Le maïs se développe rapidement en surface avec le retour de la chaleur. En profondeur la croissance est impressionnante : 18 cm de racines en 13 jours !

Mai 2006

Le semis a été réalisé le 20 avril, suivi d'un passage de glyphosate (1L/ha) pour stopper les repousses. La parcelle sera désherbée en post levée en fonction de la flore. Une incorporation de 70 kg/ha de 23-23 a été faite avec le strip till : la vitesse d'enracinement du maïs est stupéfiante !

Avril 2006

Essai de semis de maïs le 11 avril en direct dans le couvert détruit le 15 mars avec 2 L/ha de glyphosate. Le reste de la parcelle sera semé dans les jours qui viennent quand le sol sera ressuyé (pluie de 9 mm le 15 avril).

Vidéo du semis (.wmv ; 500 ko) ; détail du semis (460 ko)

 

De l'ammonitrate est incorporé à 20 cm sous la ligne de semis avec les " delimbes " fixés sur le fissurateur. On aperçoit des grains sur la photo, et on constate bien que le sol n'est pas bouleversé.

Le fissurateur (photo) est équipé d'une dent particulière, une pointe qui pénètre grâce au poids de tout l’appareil. L'étançon crée une onde de choc dans le sol afin de le fissurer, puis le passage d'ailettes soulève un peu le sol sans bouleverser les horizons.

La fermeture est assurée par 2 disques gaufrés (photo) referment le passage de la dent ; ils sont entraînés par des bandes de roulements qui rappuient le sol. Celles-ci sont d'un diamètre inférieur à celui des disques : ces derniers tournent donc plus vite que la vitesse d'avancement et créent de la terre fine.

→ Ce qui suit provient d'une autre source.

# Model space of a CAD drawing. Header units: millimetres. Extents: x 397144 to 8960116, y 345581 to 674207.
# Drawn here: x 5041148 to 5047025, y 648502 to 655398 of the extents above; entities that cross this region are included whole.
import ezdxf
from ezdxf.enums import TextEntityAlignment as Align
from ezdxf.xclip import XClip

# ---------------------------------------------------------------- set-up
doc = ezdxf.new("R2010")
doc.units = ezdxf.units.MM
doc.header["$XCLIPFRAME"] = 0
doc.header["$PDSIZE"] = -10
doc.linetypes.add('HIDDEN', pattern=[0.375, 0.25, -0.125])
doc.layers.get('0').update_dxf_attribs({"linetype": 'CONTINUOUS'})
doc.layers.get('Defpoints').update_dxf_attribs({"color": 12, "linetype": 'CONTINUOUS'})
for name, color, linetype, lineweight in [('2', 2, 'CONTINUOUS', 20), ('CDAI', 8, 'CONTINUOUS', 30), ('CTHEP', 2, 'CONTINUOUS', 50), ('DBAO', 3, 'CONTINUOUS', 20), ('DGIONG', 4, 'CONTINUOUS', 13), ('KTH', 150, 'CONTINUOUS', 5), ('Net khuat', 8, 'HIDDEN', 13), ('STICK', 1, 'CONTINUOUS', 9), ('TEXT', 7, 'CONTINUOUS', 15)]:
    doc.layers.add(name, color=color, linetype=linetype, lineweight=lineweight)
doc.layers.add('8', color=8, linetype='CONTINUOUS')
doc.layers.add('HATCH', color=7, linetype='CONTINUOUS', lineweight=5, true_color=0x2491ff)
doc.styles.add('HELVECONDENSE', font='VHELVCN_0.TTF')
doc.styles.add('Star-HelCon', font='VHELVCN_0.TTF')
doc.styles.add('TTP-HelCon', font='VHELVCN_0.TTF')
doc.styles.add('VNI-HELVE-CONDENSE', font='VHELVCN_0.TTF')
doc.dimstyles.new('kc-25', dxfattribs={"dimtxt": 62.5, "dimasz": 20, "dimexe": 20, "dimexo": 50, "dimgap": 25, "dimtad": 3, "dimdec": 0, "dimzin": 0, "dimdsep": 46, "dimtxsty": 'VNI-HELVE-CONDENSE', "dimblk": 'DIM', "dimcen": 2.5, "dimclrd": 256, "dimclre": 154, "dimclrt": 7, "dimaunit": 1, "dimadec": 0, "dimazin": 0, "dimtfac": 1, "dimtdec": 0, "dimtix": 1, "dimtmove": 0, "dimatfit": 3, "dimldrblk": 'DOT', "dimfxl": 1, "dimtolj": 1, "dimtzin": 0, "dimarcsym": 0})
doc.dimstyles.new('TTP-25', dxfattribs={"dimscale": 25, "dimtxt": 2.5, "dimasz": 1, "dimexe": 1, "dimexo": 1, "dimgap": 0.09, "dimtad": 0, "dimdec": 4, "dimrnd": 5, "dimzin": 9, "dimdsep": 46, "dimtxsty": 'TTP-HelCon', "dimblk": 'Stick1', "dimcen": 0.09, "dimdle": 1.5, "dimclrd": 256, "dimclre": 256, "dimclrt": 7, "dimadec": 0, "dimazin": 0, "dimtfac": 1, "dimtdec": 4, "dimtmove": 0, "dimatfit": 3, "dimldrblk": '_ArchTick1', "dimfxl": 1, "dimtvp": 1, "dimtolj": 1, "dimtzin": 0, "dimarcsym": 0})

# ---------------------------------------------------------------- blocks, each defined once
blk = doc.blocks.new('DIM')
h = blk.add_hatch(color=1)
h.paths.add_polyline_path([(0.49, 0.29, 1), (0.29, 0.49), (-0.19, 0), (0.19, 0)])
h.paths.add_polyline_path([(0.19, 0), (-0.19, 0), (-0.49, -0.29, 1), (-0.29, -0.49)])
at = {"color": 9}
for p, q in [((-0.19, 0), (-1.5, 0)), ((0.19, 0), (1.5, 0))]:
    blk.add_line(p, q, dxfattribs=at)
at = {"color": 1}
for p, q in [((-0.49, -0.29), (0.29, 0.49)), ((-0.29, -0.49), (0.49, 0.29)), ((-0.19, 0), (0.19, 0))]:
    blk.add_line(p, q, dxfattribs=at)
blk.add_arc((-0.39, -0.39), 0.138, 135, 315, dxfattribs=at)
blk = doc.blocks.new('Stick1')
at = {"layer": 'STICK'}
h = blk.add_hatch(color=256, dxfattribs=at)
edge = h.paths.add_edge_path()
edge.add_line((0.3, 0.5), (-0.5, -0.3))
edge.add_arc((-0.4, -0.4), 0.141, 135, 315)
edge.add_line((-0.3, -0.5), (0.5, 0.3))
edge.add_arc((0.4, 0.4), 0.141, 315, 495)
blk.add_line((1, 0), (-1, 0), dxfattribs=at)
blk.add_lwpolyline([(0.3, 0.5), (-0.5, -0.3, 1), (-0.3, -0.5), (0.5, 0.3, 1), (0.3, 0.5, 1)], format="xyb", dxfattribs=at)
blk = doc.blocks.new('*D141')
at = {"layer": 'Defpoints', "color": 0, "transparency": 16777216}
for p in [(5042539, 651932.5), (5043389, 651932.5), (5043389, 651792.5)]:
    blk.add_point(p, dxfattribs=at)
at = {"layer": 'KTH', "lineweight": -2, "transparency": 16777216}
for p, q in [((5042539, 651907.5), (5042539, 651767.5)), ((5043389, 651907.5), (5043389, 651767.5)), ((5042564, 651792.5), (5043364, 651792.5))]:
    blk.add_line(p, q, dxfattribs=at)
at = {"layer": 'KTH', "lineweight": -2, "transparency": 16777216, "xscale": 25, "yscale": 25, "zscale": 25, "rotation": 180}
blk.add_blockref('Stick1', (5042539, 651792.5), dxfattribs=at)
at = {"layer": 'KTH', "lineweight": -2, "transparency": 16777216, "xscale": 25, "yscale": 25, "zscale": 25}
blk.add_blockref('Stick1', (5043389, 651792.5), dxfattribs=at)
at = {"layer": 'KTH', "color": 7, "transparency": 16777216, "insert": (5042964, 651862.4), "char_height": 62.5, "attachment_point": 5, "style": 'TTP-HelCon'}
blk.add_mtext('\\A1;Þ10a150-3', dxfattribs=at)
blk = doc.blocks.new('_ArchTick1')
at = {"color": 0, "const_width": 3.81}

Le semoir est un NX équipé de chasses-débris, d'un disque gaufré qui prépare le lit de semence, une roue inox qui rappuie la graine puis des roues crénelées pour bien fermer la ligne de semis.

 

Février 2006

Un petit profil permet de constater le formidable travail des racines et des vers de terre malgré un couvert qui semble peu développé. On retrouve facilement des racines à + de 60 cm de profondeur, avec un chevelu racinaire qui a bien préparé le futur lit de semence. On observe cependant une zone plus compactée entre 10 et 25 cm, d'où l'intérêt d'utiliser un fissurateur dans ce type de terre 1 année sur 3 ou 4 dans la rotation.

Janvier 2006

Apport d'un mélange de 10 t/ha de fumier volaille + 25 t/ha de fumier de bovins début février sur un sol avec une bonne portance. Cet apport précoce « booste » un peu le couvert, et permet au fumier d'être bien décomposé au moment du semis. 

Octobre 2005

Parcelle en précédent orge d’hiver (paille enlevé), semis direct d'un couvert le 12 septembre avec un Unidrill.  

Mélange : 20 kg/ha d'avoine hiver, 20 kg/ha de seigle, 10 kg/ha de vesce, 2,5 kg/ha de moutarde, 3 kg/ha de phacélie. Le semis à été tardif à cause de la sécheresse mais la faible végétation en surface permet peut-être un réchauffement plus rapide au printemps.